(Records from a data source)

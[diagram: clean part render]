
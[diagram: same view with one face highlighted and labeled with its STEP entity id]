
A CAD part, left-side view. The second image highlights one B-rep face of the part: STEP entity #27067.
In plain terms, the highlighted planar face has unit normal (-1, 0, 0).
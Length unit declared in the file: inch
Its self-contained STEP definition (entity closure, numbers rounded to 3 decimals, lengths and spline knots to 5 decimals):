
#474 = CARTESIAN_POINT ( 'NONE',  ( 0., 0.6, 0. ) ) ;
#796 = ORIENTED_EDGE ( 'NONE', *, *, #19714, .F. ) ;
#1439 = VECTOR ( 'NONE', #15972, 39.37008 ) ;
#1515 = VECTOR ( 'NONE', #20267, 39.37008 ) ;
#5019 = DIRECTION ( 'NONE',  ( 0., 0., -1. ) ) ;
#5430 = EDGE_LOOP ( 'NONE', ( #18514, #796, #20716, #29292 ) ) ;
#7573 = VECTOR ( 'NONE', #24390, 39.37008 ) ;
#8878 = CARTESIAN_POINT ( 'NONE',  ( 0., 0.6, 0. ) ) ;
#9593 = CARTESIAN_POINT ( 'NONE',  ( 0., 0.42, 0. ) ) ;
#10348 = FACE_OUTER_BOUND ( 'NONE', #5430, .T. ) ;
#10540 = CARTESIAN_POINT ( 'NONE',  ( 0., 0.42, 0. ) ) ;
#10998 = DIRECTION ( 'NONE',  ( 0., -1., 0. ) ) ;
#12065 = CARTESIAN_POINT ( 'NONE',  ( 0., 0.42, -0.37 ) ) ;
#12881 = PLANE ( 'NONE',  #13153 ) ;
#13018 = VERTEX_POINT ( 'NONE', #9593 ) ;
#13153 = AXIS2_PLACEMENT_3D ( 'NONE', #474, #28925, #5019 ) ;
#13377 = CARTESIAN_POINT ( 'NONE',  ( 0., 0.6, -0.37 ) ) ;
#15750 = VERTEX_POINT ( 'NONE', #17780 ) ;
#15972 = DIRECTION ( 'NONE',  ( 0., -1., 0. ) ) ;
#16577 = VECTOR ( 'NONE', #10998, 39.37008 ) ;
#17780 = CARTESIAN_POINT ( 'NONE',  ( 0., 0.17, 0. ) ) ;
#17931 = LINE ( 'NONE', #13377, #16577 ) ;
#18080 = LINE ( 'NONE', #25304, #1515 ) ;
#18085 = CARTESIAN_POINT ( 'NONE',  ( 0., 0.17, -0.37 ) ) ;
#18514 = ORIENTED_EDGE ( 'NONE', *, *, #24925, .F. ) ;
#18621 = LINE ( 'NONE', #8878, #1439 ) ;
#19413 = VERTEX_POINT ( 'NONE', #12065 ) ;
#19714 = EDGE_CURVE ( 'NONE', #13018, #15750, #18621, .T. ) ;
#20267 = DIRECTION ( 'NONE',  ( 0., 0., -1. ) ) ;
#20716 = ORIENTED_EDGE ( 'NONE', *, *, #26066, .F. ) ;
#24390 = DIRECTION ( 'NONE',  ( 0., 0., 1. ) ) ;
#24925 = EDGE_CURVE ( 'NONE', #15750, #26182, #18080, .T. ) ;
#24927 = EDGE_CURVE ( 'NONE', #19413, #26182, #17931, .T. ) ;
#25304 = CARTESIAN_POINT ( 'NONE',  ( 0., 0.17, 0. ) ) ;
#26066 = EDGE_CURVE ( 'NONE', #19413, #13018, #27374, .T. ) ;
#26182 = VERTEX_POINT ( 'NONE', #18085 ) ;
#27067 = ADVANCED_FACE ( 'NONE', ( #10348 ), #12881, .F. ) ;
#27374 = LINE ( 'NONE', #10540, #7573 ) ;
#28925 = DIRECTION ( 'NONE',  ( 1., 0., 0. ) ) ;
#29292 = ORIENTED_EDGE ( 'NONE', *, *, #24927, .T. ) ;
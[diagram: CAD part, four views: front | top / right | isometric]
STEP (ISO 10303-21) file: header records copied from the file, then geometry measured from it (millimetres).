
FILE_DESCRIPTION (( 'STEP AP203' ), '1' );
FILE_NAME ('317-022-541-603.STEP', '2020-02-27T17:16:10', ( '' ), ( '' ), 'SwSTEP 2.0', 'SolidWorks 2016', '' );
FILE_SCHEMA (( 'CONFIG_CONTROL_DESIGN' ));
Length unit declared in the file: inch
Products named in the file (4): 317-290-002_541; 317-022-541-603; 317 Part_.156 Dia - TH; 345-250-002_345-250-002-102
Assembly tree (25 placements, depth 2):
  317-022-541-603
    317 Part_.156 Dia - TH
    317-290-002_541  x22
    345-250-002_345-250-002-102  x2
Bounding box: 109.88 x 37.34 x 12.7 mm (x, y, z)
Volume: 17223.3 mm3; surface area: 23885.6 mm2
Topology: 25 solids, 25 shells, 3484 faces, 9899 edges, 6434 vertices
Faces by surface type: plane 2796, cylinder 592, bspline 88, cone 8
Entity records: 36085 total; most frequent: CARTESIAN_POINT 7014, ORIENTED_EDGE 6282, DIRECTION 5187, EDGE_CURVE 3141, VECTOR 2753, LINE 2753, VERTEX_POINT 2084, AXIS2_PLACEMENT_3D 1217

:: DESCRIPTION OF THE TASK ::
Starting at the line above that contains "#13018 = VERTEX_POINT ( 'NONE', #9593 ) ;", write out each line exactly until the line that contains "#29292 = ORIENTED_EDGE" has been written, and stop there.

:: ANSWER SECTION ::
#13018 = VERTEX_POINT ( 'NONE', #9593 ) ;
#13153 = AXIS2_PLACEMENT_3D ( 'NONE', #474, #28925, #5019 ) ;
#13377 = CARTESIAN_POINT ( 'NONE',  ( 0., 0.6, -0.37 ) ) ;
#15750 = VERTEX_POINT ( 'NONE', #17780 ) ;
#15972 = DIRECTION ( 'NONE',  ( 0., -1., 0. ) ) ;
#16577 = VECTOR ( 'NONE', #10998, 39.37008 ) ;
#17780 = CARTESIAN_POINT ( 'NONE',  ( 0., 0.17, 0. ) ) ;
#17931 = LINE ( 'NONE', #13377, #16577 ) ;
#18080 = LINE ( 'NONE', #25304, #1515 ) ;
#18085 = CARTESIAN_POINT ( 'NONE',  ( 0., 0.17, -0.37 ) ) ;
#18514 = ORIENTED_EDGE ( 'NONE', *, *, #24925, .F. ) ;
#18621 = LINE ( 'NONE', #8878, #1439 ) ;
#19413 = VERTEX_POINT ( 'NONE', #12065 ) ;
#19714 = EDGE_CURVE ( 'NONE', #13018, #15750, #18621, .T. ) ;
#20267 = DIRECTION ( 'NONE',  ( 0., 0., -1. ) ) ;
#20716 = ORIENTED_EDGE ( 'NONE', *, *, #26066, .F. ) ;
#24390 = DIRECTION ( 'NONE',  ( 0., 0., 1. ) ) ;
#24925 = EDGE_CURVE ( 'NONE', #15750, #26182, #18080, .T. ) ;
#24927 = EDGE_CURVE ( 'NONE', #19413, #26182, #17931, .T. ) ;
#25304 = CARTESIAN_POINT ( 'NONE',  ( 0., 0.17, 0. ) ) ;
#26066 = EDGE_CURVE ( 'NONE', #19413, #13018, #27374, .T. ) ;
#26182 = VERTEX_POINT ( 'NONE', #18085 ) ;
#27067 = ADVANCED_FACE ( 'NONE', ( #10348 ), #12881, .F. ) ;
#27374 = LINE ( 'NONE', #10540, #7573 ) ;
#28925 = DIRECTION ( 'NONE',  ( 1., 0., 0. ) ) ;
#29292 = ORIENTED_EDGE ( 'NONE', *, *, #24927, .T. ) ;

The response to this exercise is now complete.